Work item: Some lines in the entries contain the word "schematic". Copy all of them.

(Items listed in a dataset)
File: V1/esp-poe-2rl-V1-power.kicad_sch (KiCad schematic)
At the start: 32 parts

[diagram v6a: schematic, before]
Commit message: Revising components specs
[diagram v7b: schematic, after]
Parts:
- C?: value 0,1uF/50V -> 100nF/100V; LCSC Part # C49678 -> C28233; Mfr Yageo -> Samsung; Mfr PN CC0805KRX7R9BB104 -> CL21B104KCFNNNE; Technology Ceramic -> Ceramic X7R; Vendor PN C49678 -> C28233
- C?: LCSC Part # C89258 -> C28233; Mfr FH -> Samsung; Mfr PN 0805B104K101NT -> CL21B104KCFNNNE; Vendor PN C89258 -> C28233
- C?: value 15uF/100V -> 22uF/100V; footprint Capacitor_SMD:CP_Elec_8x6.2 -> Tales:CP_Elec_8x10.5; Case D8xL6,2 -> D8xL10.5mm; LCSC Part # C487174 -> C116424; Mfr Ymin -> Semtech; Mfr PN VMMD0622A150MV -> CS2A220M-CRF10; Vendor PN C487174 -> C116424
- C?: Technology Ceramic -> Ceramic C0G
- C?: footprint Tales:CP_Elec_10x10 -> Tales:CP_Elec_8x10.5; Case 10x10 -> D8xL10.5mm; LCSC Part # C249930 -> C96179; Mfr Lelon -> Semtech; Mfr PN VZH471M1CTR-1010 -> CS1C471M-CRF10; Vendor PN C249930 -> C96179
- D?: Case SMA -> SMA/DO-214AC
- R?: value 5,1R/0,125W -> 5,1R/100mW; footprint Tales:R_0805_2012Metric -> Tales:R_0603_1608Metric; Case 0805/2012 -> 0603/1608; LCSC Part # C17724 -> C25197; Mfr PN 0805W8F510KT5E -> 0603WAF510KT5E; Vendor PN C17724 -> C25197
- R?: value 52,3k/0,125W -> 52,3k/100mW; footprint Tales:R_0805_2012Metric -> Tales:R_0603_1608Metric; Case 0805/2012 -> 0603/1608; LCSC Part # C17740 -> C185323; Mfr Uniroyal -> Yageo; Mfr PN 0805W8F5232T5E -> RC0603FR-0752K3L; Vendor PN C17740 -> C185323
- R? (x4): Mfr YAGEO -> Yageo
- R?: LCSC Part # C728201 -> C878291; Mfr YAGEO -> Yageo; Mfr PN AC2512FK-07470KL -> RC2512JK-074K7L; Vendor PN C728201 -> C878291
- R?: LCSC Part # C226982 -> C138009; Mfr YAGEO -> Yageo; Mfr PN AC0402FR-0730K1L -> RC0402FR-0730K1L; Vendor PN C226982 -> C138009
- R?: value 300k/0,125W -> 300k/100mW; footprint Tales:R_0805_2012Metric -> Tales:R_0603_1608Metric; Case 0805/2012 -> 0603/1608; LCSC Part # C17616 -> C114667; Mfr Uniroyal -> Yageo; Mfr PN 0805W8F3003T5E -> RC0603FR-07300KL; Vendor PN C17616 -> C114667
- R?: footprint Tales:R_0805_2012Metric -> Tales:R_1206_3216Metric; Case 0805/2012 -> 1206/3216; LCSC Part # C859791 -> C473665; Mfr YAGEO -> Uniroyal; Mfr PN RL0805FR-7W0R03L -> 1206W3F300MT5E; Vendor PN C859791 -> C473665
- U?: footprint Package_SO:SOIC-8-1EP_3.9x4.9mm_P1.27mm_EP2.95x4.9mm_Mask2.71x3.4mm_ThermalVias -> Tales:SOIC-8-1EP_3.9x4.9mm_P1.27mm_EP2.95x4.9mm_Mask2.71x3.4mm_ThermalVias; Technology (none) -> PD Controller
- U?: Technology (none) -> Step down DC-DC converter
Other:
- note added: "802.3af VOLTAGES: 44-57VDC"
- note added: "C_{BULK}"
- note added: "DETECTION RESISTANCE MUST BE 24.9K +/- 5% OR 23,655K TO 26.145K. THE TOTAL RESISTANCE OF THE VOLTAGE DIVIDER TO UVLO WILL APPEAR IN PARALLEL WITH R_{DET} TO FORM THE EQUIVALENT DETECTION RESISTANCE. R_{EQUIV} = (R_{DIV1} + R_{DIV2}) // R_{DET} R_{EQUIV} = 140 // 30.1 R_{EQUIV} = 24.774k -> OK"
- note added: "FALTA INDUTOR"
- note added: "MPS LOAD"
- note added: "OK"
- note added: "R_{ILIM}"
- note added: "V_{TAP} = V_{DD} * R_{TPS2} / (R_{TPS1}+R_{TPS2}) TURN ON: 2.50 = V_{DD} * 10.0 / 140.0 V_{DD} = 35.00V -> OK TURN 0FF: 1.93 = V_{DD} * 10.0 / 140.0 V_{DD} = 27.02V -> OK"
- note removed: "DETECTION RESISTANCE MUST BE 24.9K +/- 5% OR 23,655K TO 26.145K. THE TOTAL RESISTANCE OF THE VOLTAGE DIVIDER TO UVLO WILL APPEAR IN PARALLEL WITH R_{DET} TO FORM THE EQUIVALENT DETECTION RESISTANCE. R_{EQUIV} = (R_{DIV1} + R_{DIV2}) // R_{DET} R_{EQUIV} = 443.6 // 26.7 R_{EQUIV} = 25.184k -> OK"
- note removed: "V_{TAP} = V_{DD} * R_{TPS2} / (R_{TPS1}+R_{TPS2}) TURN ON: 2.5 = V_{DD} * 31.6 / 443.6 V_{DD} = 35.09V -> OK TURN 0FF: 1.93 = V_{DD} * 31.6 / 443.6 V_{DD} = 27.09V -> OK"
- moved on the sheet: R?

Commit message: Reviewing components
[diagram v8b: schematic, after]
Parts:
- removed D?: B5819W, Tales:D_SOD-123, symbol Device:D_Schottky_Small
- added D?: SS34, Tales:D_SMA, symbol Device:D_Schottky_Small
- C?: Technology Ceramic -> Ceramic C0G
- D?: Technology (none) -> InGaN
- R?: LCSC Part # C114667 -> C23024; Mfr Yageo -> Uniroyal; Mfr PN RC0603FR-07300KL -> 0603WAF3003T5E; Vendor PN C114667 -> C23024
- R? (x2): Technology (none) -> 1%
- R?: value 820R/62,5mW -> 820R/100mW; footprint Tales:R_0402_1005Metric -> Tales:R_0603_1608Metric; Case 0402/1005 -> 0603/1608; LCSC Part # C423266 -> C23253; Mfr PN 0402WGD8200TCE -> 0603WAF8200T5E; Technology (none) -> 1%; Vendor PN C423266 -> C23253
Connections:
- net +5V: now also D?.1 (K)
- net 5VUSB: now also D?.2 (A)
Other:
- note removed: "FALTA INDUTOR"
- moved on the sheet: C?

Output of the task:
File: V1/esp-poe-2rl-V1-power.kicad_sch (KiCad schematic)
[diagram v6a: schematic, before]
[diagram v7b: schematic, after]
[diagram v8b: schematic, after]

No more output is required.